Sam Moore’s article about hats in the January 2008 issue of Farm Collector brought back a lot of memories. In the summer my pappy always wore a dilapidated dress hat around the farm, usually straw, but sometimes an old felt hat with a series of holes cut around the crown for ventilation.
This was pre-OSHA. From the time I could hold on until I was big enough to drive a tractor myself, whatever Pappy did, I rode on the tractor with him. He had a Ford 8N and I stood on the step plate, leaned on the fender and held on with both hands. One summer I was riding while Pappy was cutting wheat with the 8N and a 5-foot Case combine. He was wearing a particularly dilapidated old felt hat that summer and he told me, “Alan, I’m about done with this hat. When the wheat’s all cut I’m running it through the combine.”

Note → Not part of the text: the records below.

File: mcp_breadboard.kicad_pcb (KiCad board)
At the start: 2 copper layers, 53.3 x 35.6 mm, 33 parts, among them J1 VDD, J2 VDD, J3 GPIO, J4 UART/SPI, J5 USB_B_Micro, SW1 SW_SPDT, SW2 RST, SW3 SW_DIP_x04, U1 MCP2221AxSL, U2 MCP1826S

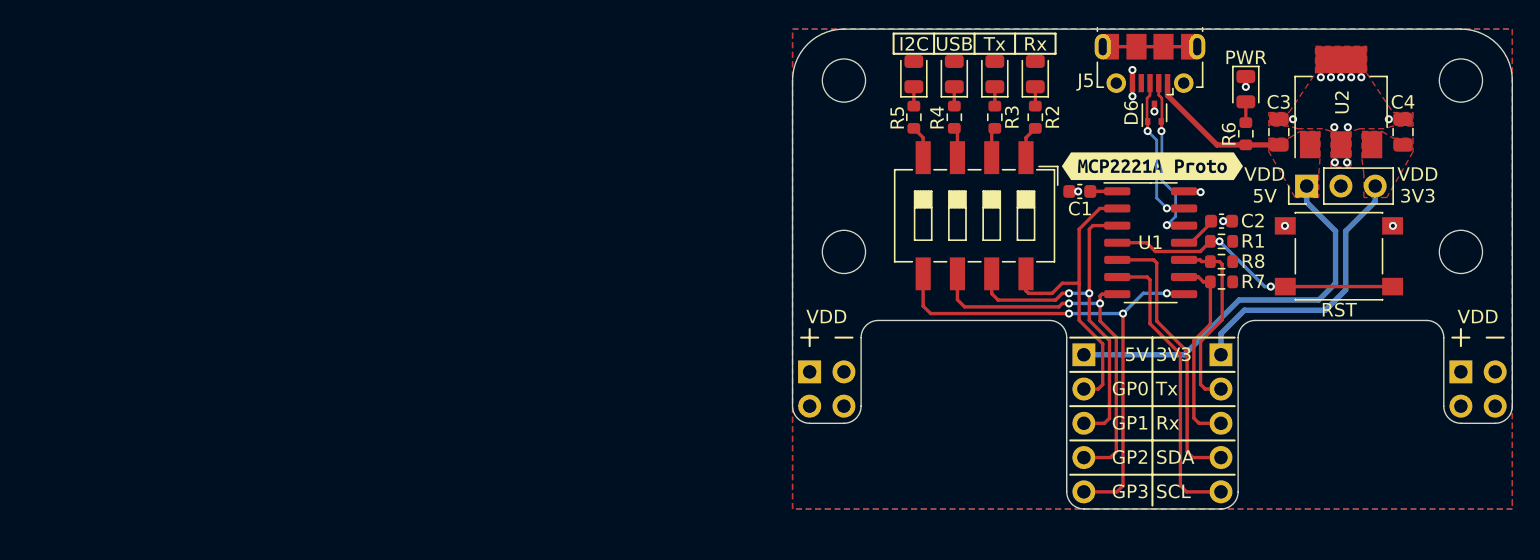
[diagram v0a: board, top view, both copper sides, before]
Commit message: Final rev of design and layout, metrification of major board features for easier laser cutting.
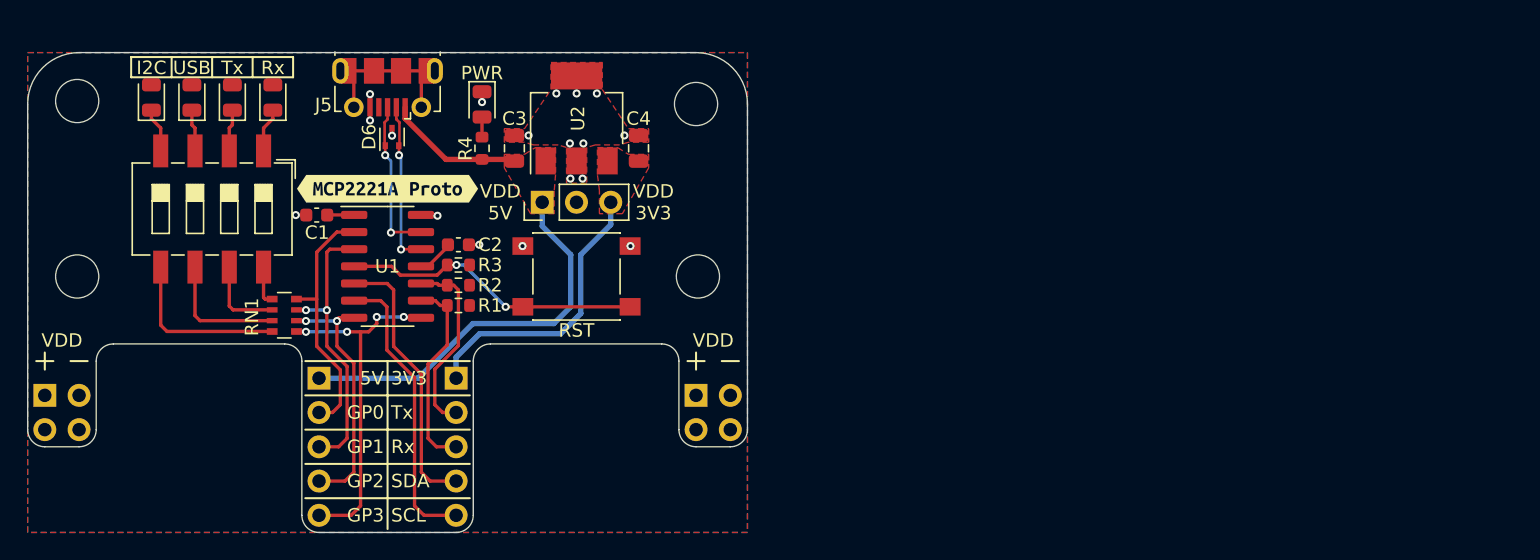
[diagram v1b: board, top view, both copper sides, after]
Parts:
- removed the R2 at (98.0, 33.2)
- removed the R3 at (95.0, 33.2)
- removed the R4 at (92.0, 33.2)
- removed R5: 1k, Resistor_SMD:R_0603_1608Metric
- added RN1: 1k, Resistor_SMD:R_Array_Convex_4x0603, F.Cu at (42.4, 47.9)
- SW3: renamed from SW1; value SW_SPDT -> VDD_SEL
- moved H1 56.8 mm to (27.0, 45.0)
- moved H2 56.8 mm to (27.0, 32.0)
- moved J4 56.7 mm to (55.1, 52.5)
- moved J1 56.7 mm to (24.6, 53.8)
- moved H3 56.7 mm to (72.9, 32.2)
- moved J2 56.7 mm to (72.9, 53.8)
- moved J3 56.7 mm to (44.9, 52.5)
- moved kibuzzard-627C3F81 56.7 mm to (50.0, 38.5)
- moved C4 56.7 mm to (68.6, 35.5)
- moved C3 56.7 mm to (59.4, 35.5)
- moved SW3 56.7 mm to (61.5, 39.5)
- moved U2 56.7 mm to (64.0, 33.3)
- moved D5 56.6 mm to (57.0, 32.2)
- moved R4 56.6 mm to (57.0, 35.5)
- moved C1 56.6 mm to (44.8, 40.5)
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- renumbered R7 to R1, R8 to R2, R1 to R3, R6 to R4, SW2 to SW1, SW3 to SW2
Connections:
- SW2 pad 1: Net-(R2-Pad2) -> Net-(D1-Pad1)
- SW2 pad 2: Net-(R3-Pad2) -> Net-(D2-Pad1)
- SW2 pad 3: Net-(R4-Pad1) -> Net-(D3-Pad1)
- SW2 pad 4: Net-(R5-Pad2) -> Net-(D4-Pad1)
- SW2 pad 5: G3 -> Net-(RN1-Pad4)
- SW2 pad 6: G2 -> Net-(RN1-Pad3)
- SW2 pad 7: G1 -> Net-(RN1-Pad2)
- SW2 pad 8: G0 -> Net-(RN1-Pad1)
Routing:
- net Net-(RN1-Pad4): track 0.00 -> 12.8 mm
- net G3: track 38.4 -> 26.3 mm, vias 3 -> 4
- net G2: track 28.8 -> 19.0 mm
- net Net-(RN1-Pad3): track 0.00 -> 9.47 mm
- net G1: track 28.0 -> 21.1 mm
- net Net-(RN1-Pad2): track 0.00 -> 6.18 mm
- net unconnected-(J5-Pad6): track 6.40 -> 12.1 mm
- net G0: track 22.8 -> 18.7 mm
- net Net-(RN1-Pad1): track 0.00 -> 2.94 mm
- net Net-(R5-Pad2): track 2.46 -> 0.00 mm
- net Net-(R2-Pad2): track 2.46 -> 0.00 mm
- net Net-(R4-Pad1): track 2.27 -> 0.00 mm
- net Net-(R3-Pad2): track 2.27 -> 0.00 mm
- net Net-(D4-Pad1): track 1.44 -> 3.30 mm
- net Net-(D1-Pad1): track 1.44 -> 3.30 mm
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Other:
- outline, holes or cut-outs redrawn
- board text added: "MCP2221A Prototyping Board Rev1 Thomas Bytheway ghub:HarkonenBade/MCP2221a-proto 2022-05-14"

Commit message: Final tweaks
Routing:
- net unconnected-(J5-Pad6): track 12.1 -> 13.8 mm
- net GND: track 6.09 -> 5.12 mm, vias 18 -> 22
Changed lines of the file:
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@@
     (descr "Capacitor SMD 0805 (2012 Metric), square (rectangular) end terminal, IPC_7351 nominal, (Body size source: IPC-SM-782 page 76, https://www.pcb-3d.com/wordpress/wp-content/uploads/ipc-sm-782a_amendment_1_and_2.pdf, https://docs.google.com/spreadsheets/d/1BsfQQcO9C6DZCsRaXUlFlo91Tg2WpOkGARC1WS5S8t0/edit?usp=sharing), generated with kicad-footprint-generator")
     (tags "capacitor")
+    (property "LCSC" "C1713")
     (property "Sheetfile" "mcp_breadboard.kicad_sch")
     (property "Sheetname" "")
@@
     (descr "Capacitor SMD 0805 (2012 Metric), square (rectangular) end terminal, IPC_7351 nominal, (Body size source: IPC-SM-782 page 76, https://www.pcb-3d.com/wordpress/wp-content/uploads/ipc-sm-782a_amendment_1_and_2.pdf, https://docs.google.com/spreadsheets/d/1BsfQQcO9C6DZCsRaXUlFlo91Tg2WpOkGARC1WS5S8t0/edit?usp=sharing), generated with kicad-footprint-generator")
     (tags "capacitor")
+    (property "LCSC" "C1713")
     (property "Sheetfile" "mcp_breadboard.kicad_sch")
     (property "Sheetname" "")
@@
     (descr "SOT523, https://www.diodes.com/assets/Package-Files/SOT523.pdf")
     (tags "SOT-523")
+    (property "LCSC" "C117553")
     (property "Sheetfile" "mcp_breadboard.kicad_sch")
     (property "Sheetname" "")
@@
     (descr "tactile push button, 6x6mm e.g. PTS645xx series, height=9.5mm")
     (tags "tact sw push 6mm smd")
+    (property "LCSC" "C493020")
     (property "Sheetfile" "mcp_breadboard.kicad_sch")
     (property "Sheetname" "")
@@
     (descr "SMD 4x-dip-switch SPST , Slide, row spacing 8.61 mm (338 mils), body size 6.7x11.72mm (see e.g. https://www.ctscorp.com/wp-content/uploads/219.pdf), SMD, LowProfile")
     (tags "SMD DIP Switch SPST Slide 8.61mm 338mil SMD LowProfile")
+    (property "LCSC" "C437204")
     (property "Sheetfile" "mcp_breadboard.kicad_sch")
     (property "Sheetname" "")
@@
     (descr "Chip Resistor Network, ROHM MNR14 (see mnr_g.pdf)")
     (tags "resistor array")
+    (property "LCSC" "C425239")
     (property "Sheetfile" "mcp_breadboard.kicad_sch")
     (property "Sheetname" "")
@@
   (segment (start 63.57 43.39) (end 63.57 47.24) (width 0.4) (layer "B.Cu") (net 1))
   (segment (start 52.27 52.54) (end 44.92 52.54) (width 0.4) (layer "B.Cu") (net 1))
-  (segment (start 48.7 32.4625) (end 48.7 31.49) (width 0.25) (layer "F.Cu") (net 2))
   (segment (start 48.7 33.44) (end 48.7 32.4625) (width 0.25) (layer "F.Cu") (net 2))
   (segment (start 50.331 34.012351) (end 50.331 34.5895) (width 0.25) (layer "F.Cu") (net 2))
@@
   (via (at 60 42.75) (size 0.6) (drill 0.3) (layers "F.Cu" "B.Cu") (net 2))
   (via (at 48.7 33.44) (size 0.6) (drill 0.3) (layers "F.Cu" "B.Cu") (net 2))
-  (via (at 48.7 31.49) (size 0.6) (drill 0.3) (layers "F.Cu" "B.Cu") (net 2))
   (via (at 53.7 40.5) (size 0.6) (drill 0.3) (layers "F.Cu" "B.Cu") (net 2))
+  (via (at 65.6 30.85) (size 0.6) (drill 0.3) (layers "F.Cu" "B.Cu") (net 2))
+  (via (at 58.35 34.55) (size 0.6) (drill 0.3) (layers "F.Cu" "B.Cu") (free) (net 2))
+  (via (at 69.65 34.55) (size 0.6) (drill 0.3) (layers "F.Cu" "B.Cu") (free) (net 2))
   (via (at 57 32.077) (size 0.6) (drill 0.3) (layers "F.Cu" "B.Cu") (net 2))
-  (via (at 64.01 31.44) (size 0.6) (drill 0.3) (layers "F.Cu" "B.Cu") (free) (net 2))
+  (via (at 62.4 29.45) (size 0.6) (drill 0.3) (layers "F.Cu" "B.Cu") (free) (net 2))
   (via (at 63.51 35.14) (size 0.6) (drill 0.3) (layers "F.Cu" "B.Cu") (free) (net 2))
   (via (at 56.8 42.65) (size 0.6) (drill 0.3) (layers "F.Cu" "B.Cu") (net 2))
   (via (at 43.2 40.45) (size 0.6) (drill 0.3) (layers "F.Cu" "B.Cu") (net 2))
   (via (at 63.55 37.75) (size 0.6) (drill 0.3) (layers "F.Cu" "B.Cu") (free) (net 2))
-  (via (at 62.51 31.44) (size 0.6) (drill 0.3) (layers "F.Cu" "B.Cu") (free) (net 2))
+  (via (at 62.4 30.85) (size 0.6) (drill 0.3) (layers "F.Cu" "B.Cu") (free) (net 2))
+  (via (at 64 29.45) (size 0.6) (drill 0.3) (layers "F.Cu" "B.Cu") (net 2))
   (via (at 68 42.75) (size 0.6) (drill 0.3) (layers "F.Cu" "B.Cu") (net 2))
   (via (at 60.45 34.55) (size 0.6) (drill 0.3) (layers "F.Cu" "B.Cu") (free) (net 2))
-  (via (at 65.51 31.44) (size 0.6) (drill 0.3) (layers "F.Cu" "B.Cu") (free) (net 2))
+  (via (at 65.6 29.45) (size 0.6) (drill 0.3) (layers "F.Cu" "B.Cu") (free) (net 2))
   (via (at 50.3305 34.565) (size 0.6) (drill 0.3) (layers "F.Cu" "B.Cu") (net 2))
+  (via (at 64 30.85) (size 0.6) (drill 0.3) (layers "F.Cu" "B.Cu") (net 2))
   (segment (start 64.32 43.39) (end 64.32 47.74) (width 0.4) (layer "B.Cu") (net 3))
   (segment (start 66.54 39.5) (end 66.54 41.16) (width 0.4) (layer "B.Cu") (net 3))
@@
   (segment (start 47.1 29.7625) (end 53.5 29.7625) (width 0.25) (layer "F.Cu") (net 23))
   (segment (start 47.5 30.1625) (end 47.1 29.7625) (width 0.25) (layer "F.Cu") (net 23))
-  (segment (start 52.5 32.4625) (end 52.5 30.1625) (width 0.25) (layer "F.Cu") (net 23))
-  (segment (start 47.5 32.4625) (end 47.5 30.1625) (width 0.25) (layer "F.Cu") (net 23))
+  (segment (start 53.5 31.4625) (end 53.5 29.7625) (width 0.25) (layer "B.Cu") (net 23))
+  (segment (start 47.5 32.4625) (end 46.5 31.4625) (width 0.25) (layer "B.Cu") (net 23))
+  (segment (start 52.5 32.4625) (end 53.5 31.4625) (width 0.25) (layer "B.Cu") (net 23))
+  (segment (start 46.5 31.4625) (end 46.5 29.7625) (width 0.25) (layer "B.Cu") (net 23))
   (segment (start 40.925 46.675) (end 40.81 46.56) (width 0.25) (layer "F.Cu") (net 24))
   (segment (start 40.81 46.56) (end 40.81 44.305) (width 0.25) (layer "F.Cu") (net 24))
@@
     (polygon
       (pts
-        (xy 65.91 29.14)
-        (xy 65.91 31.14)
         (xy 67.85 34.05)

The day we finished he let the combine clean out, then tossed the hat into the header. We watched it ride up the canvas, and then disappear into the cylinder. Pappy pulled up a little, and then we walked around back to check on the hat. It was flat, but otherwise unhurt. Pappy picked the hat up, slapped it against his leg to knock the dust off, re-shaped it and placed it on his head. “Guess I wasn’t as near done with it as I thought,” he remarked. I don’t recall how much longer Pappy wore that old hat, but I imagine for the rest of the summer.
–Alan Easley
Columbia, Mo.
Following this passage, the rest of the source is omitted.